Given everything we’ve discussed, you might conclude that it is almost infeasible to deploy a fully free LLM-based service.

But if you have billions of dollars and are in a race to become the de-facto player in the AI space, you might be tempted to release a free, unlimited-usage AI product.

OpenAI, Microsoft, and Google have this kind of money and ambition to win the AI race. As a result, we have ChatGPT with GPT3.5, Bing Chat, and Bard - AI apps that everyone can use as much as they want.

But AI is advancing very fast.
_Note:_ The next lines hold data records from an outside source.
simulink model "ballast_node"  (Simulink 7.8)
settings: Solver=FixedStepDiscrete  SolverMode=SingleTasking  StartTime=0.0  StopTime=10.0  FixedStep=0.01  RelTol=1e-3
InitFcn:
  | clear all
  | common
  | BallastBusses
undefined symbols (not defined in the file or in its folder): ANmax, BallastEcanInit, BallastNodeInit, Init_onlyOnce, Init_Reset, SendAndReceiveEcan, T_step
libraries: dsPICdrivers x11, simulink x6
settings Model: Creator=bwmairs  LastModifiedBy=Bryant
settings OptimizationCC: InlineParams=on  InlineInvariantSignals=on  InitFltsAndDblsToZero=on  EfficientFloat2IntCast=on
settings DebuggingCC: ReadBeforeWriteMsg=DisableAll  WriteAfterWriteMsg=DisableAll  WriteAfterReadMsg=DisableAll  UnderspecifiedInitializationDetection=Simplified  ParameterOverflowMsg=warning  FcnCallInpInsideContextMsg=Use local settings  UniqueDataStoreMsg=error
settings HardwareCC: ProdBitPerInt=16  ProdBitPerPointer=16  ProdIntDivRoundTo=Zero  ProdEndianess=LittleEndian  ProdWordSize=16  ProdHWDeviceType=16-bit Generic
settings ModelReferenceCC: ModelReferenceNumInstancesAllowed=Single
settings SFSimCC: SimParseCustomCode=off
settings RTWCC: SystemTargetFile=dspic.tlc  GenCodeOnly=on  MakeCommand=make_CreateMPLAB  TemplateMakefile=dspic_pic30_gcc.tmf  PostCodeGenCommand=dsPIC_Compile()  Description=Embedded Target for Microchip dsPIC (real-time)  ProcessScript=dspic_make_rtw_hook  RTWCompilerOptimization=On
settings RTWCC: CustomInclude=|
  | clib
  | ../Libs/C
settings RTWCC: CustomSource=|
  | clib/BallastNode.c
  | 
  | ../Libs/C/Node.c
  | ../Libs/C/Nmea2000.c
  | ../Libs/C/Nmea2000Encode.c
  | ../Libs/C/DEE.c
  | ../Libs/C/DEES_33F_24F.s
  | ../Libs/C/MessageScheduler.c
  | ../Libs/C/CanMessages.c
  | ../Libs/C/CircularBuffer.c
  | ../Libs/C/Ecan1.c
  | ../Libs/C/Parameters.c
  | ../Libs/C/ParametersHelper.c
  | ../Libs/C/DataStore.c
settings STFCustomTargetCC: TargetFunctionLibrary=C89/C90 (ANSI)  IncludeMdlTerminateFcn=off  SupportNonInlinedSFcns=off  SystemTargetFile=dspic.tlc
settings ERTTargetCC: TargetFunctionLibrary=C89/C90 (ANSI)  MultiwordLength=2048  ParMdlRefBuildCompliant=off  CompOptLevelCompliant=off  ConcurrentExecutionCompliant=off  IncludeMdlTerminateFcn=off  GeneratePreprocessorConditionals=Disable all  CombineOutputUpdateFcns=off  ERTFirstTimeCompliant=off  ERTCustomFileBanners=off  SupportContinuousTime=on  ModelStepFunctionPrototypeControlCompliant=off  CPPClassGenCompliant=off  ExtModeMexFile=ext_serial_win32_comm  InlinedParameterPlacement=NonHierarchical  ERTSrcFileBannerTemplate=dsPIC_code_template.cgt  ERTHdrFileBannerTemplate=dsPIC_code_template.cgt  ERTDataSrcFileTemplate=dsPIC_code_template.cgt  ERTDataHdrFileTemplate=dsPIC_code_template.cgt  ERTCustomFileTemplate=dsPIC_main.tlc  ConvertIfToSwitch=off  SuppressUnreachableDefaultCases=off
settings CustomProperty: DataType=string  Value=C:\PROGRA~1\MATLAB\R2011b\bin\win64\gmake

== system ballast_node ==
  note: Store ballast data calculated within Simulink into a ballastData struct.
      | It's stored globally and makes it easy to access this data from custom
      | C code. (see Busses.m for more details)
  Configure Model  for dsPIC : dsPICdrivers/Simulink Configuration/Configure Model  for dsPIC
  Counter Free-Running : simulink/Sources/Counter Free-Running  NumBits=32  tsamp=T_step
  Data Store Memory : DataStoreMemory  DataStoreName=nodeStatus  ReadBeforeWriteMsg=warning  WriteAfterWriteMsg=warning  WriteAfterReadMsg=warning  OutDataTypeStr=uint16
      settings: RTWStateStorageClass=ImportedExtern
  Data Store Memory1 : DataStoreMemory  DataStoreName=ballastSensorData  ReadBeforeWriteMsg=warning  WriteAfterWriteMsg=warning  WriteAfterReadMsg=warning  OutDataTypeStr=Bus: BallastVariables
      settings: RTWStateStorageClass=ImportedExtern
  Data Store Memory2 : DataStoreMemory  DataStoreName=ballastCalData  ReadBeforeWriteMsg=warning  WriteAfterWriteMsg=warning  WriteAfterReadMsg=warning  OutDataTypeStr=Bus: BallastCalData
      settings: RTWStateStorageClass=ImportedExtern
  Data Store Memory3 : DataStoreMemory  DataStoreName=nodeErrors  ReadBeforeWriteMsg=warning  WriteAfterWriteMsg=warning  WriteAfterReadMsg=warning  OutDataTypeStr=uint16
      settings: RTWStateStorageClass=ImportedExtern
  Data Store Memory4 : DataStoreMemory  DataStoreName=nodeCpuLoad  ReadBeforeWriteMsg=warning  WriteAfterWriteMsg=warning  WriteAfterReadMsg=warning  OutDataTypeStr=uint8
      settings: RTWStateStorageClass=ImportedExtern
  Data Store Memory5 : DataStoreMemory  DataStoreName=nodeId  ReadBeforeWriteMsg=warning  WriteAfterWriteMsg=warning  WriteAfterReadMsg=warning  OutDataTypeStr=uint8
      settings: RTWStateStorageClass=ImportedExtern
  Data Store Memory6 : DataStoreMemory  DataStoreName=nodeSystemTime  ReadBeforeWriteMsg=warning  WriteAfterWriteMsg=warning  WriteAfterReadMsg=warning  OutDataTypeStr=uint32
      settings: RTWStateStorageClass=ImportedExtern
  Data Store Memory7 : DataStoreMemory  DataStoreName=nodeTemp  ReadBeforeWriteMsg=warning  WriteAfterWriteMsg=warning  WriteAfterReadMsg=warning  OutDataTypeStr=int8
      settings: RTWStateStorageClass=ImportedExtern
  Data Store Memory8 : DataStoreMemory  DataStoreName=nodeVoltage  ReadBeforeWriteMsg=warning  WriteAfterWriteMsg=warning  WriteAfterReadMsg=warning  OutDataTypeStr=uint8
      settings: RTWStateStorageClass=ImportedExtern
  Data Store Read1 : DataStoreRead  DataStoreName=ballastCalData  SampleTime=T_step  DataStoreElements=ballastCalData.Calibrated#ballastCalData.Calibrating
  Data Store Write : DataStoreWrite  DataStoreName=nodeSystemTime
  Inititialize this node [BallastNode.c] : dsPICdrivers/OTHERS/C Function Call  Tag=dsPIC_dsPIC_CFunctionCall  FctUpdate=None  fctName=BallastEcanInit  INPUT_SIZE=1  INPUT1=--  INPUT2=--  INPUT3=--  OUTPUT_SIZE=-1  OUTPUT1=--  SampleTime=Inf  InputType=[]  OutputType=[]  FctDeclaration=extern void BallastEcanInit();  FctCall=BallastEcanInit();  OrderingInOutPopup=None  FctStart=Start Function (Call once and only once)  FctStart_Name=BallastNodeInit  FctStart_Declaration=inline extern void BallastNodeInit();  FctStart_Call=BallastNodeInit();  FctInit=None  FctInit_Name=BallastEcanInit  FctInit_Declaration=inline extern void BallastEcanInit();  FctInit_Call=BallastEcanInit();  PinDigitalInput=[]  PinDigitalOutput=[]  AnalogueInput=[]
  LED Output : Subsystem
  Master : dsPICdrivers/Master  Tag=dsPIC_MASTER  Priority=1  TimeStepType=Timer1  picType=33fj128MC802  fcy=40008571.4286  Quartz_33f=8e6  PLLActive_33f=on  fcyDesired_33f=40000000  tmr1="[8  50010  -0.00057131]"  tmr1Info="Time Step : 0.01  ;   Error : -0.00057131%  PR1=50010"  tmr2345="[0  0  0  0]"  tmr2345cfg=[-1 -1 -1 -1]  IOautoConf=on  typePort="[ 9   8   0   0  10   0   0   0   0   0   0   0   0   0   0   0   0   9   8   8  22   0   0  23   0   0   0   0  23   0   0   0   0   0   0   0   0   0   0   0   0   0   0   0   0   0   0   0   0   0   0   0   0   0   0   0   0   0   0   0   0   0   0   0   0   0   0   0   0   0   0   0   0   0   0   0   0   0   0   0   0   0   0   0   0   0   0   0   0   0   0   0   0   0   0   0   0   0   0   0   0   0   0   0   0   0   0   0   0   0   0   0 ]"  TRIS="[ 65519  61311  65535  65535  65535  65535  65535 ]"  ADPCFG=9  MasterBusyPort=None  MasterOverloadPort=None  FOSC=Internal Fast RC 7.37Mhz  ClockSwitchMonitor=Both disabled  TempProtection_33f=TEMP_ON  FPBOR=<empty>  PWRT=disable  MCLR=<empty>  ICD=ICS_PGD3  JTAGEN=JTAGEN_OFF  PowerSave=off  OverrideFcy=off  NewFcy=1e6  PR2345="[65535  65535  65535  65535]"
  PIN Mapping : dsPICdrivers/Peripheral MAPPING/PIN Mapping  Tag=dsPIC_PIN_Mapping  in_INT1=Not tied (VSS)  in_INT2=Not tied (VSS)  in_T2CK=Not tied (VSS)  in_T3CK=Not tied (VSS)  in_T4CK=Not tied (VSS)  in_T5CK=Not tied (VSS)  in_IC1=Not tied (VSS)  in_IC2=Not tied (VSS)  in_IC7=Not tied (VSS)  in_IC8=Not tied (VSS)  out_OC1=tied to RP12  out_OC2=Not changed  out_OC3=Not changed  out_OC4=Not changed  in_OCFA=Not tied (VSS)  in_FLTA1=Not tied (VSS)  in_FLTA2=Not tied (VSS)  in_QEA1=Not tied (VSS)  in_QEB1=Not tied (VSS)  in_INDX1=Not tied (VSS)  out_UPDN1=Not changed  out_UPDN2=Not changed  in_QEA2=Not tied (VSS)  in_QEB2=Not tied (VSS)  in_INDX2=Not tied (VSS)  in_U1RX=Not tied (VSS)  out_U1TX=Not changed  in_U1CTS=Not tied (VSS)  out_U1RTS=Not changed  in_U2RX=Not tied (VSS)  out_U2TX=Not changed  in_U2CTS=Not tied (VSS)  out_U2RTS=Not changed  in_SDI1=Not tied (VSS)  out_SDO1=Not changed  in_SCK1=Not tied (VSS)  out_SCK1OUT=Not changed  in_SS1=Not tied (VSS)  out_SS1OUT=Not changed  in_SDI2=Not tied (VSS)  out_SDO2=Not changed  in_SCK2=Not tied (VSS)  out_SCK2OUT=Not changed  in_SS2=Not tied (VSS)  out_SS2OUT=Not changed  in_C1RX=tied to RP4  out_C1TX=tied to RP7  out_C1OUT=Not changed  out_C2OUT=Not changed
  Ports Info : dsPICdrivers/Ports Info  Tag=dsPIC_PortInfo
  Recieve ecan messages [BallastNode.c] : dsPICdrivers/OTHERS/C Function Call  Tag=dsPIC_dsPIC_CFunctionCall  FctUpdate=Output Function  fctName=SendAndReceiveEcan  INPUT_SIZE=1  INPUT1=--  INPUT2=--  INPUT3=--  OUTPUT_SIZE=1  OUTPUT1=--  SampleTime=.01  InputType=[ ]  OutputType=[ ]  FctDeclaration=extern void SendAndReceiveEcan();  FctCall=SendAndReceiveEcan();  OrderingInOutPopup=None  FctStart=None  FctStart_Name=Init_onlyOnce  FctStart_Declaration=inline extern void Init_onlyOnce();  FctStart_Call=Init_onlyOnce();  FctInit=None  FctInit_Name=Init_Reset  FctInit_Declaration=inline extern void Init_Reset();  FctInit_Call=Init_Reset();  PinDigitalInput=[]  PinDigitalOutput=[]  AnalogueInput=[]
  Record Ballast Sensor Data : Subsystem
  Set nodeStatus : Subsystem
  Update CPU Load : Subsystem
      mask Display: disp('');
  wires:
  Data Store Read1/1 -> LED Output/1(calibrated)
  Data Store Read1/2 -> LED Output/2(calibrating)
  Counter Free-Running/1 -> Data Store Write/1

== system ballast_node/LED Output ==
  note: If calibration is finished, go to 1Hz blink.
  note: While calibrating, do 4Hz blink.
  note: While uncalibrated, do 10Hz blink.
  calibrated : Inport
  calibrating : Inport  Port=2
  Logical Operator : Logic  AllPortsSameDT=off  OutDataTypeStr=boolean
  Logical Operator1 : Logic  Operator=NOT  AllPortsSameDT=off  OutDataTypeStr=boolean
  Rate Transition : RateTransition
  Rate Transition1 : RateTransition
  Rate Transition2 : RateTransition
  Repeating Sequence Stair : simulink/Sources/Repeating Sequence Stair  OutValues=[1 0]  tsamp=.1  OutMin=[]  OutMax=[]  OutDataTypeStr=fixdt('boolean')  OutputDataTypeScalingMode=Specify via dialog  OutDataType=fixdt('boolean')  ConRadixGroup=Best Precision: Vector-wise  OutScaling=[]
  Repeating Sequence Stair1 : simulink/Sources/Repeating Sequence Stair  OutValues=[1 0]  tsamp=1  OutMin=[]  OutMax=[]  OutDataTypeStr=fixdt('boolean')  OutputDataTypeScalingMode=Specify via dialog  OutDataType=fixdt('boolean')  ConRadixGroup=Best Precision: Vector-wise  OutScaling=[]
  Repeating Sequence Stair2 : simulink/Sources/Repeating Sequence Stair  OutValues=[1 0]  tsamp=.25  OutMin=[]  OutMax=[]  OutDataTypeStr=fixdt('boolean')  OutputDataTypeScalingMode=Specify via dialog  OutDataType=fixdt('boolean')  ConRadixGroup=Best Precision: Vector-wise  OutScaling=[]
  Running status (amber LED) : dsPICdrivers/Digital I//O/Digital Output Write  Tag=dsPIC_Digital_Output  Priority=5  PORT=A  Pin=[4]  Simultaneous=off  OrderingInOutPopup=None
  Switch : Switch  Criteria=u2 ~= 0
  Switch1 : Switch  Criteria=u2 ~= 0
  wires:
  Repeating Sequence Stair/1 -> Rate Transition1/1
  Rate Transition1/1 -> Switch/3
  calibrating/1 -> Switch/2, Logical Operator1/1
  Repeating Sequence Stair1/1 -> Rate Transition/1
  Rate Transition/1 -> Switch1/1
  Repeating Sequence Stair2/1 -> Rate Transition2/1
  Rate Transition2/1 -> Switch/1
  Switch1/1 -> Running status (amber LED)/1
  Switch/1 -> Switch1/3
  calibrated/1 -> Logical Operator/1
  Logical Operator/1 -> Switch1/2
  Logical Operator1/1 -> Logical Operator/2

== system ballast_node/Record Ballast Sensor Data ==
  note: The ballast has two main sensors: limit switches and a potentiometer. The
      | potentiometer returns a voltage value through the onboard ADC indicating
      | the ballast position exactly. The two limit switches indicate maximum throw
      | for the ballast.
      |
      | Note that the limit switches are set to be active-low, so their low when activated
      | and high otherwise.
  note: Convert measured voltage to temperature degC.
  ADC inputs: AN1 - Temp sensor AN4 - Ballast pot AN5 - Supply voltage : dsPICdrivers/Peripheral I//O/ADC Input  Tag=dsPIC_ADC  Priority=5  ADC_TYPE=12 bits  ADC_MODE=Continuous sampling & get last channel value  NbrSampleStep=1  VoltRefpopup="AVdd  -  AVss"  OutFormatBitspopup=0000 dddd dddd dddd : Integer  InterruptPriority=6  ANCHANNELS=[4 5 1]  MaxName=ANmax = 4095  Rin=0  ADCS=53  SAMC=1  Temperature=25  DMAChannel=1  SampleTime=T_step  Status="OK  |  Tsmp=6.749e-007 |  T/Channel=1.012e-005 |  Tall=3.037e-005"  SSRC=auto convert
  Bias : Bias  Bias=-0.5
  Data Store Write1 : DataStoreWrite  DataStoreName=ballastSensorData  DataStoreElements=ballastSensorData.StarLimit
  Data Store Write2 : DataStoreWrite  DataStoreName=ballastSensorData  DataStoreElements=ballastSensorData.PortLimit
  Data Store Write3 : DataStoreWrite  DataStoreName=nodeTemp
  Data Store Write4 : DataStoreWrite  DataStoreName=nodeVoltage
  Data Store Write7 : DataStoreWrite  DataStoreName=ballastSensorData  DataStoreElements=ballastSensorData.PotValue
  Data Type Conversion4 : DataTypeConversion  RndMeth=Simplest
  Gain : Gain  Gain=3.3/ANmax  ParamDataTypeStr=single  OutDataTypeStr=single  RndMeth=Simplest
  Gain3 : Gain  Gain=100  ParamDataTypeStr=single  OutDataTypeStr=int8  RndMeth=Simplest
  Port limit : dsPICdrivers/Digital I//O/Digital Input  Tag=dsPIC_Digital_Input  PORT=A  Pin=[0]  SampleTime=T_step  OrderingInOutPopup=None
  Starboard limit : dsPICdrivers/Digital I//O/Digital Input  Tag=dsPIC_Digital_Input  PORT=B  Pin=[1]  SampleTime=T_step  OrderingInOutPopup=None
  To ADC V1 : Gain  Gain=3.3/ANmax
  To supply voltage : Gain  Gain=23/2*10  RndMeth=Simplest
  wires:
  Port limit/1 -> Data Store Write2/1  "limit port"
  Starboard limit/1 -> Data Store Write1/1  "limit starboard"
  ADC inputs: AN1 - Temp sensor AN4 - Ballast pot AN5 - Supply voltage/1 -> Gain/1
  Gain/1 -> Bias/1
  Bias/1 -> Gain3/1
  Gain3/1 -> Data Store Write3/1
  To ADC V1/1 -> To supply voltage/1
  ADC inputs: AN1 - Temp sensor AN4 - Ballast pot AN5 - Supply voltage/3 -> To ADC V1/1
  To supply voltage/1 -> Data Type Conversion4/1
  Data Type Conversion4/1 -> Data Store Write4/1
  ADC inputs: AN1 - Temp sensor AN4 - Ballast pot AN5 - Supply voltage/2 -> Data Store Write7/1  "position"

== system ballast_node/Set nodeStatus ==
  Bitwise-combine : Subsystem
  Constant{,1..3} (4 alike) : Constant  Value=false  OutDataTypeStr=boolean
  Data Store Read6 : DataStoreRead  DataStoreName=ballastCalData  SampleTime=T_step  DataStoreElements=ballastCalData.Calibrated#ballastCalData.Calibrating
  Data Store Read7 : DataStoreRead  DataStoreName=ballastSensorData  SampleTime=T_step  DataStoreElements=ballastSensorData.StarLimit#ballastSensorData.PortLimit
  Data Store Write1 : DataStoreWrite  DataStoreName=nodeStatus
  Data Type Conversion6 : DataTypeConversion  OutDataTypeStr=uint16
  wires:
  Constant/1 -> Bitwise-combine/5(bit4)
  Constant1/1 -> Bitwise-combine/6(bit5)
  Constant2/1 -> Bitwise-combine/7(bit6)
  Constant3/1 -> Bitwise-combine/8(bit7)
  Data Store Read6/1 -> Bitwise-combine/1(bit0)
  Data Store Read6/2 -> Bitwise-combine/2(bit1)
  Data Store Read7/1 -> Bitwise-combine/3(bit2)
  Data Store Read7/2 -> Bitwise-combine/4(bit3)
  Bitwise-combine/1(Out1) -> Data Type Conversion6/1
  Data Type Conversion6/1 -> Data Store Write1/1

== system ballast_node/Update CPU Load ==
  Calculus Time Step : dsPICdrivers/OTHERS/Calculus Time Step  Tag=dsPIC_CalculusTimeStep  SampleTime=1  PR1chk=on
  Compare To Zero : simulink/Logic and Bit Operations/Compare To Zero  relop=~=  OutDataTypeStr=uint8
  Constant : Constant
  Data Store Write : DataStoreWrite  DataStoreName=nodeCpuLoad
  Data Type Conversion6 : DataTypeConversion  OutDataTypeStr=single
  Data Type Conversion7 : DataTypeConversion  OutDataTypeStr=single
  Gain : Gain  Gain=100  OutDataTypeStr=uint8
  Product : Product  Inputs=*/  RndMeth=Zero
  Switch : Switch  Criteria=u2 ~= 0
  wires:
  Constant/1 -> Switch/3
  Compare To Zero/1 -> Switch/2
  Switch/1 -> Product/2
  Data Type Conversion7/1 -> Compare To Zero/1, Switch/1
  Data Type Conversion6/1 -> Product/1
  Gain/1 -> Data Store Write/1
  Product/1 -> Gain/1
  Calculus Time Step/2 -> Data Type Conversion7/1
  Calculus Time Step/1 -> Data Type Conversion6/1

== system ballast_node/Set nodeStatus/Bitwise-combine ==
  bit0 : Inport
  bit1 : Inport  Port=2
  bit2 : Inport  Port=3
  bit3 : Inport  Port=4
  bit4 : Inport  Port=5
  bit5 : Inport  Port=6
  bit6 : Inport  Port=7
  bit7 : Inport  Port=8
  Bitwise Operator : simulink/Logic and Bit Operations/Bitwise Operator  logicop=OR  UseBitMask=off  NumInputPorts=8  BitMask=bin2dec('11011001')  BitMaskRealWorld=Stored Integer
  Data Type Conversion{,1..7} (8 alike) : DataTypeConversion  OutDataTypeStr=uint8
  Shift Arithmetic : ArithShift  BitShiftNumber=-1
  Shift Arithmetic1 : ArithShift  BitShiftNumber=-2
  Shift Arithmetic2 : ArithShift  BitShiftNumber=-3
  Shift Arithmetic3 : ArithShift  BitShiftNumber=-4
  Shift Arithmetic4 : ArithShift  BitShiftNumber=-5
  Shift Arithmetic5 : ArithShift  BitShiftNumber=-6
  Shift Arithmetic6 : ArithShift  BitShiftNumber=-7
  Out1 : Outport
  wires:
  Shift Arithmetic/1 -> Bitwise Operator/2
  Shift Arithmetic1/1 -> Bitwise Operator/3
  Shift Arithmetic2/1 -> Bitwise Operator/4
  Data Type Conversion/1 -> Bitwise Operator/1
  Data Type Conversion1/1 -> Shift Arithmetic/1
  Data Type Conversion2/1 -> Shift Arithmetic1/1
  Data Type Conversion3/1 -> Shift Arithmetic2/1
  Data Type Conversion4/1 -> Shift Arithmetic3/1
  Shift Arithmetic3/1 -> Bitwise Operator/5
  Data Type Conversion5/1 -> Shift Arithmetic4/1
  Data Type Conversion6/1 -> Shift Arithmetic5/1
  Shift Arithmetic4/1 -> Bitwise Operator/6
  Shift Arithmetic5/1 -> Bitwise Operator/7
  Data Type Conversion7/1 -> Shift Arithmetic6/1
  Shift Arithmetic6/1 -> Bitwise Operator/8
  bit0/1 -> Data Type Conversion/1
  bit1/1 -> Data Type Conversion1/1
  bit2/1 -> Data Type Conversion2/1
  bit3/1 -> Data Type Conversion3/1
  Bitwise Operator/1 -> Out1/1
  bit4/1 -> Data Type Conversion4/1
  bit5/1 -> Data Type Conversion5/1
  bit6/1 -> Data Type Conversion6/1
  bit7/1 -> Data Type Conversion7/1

Given the talent and investment, we can expect a steady reduction in infrastructure costs and model sizes, leading to basic intelligence becoming commoditized. An increasing number of products, like Perplexity and Cursor, are following ChatGPT’s pricing model - unlimited usage for a less powerful (and cheaper) LLM and a paid subscription for a better LLM with additional features.

A fully free product variant is sustainable only for teams that have money to burn, for now.

From a user experience point of view, well, we can’t ask for more!

Final Thoughts

There is no single answer to what is the best pricing model for an AI product. Each has clear upsides and downsides (apart from SaaS + BYOK, which has very few upsides - pls don’t use it!).

Eventually, the factors teams should consider are the nature of the product itself, the user profile (or profiles), and their runway and appetite for growth.

All of this being said, we are very early in the LLM software era. With new technology, comes new business models. We can and should expect innovation in pricing, especially with the AI agents coming into the mainstream foray soon. A few projects are emerging here and I’ll cover one of them very soon!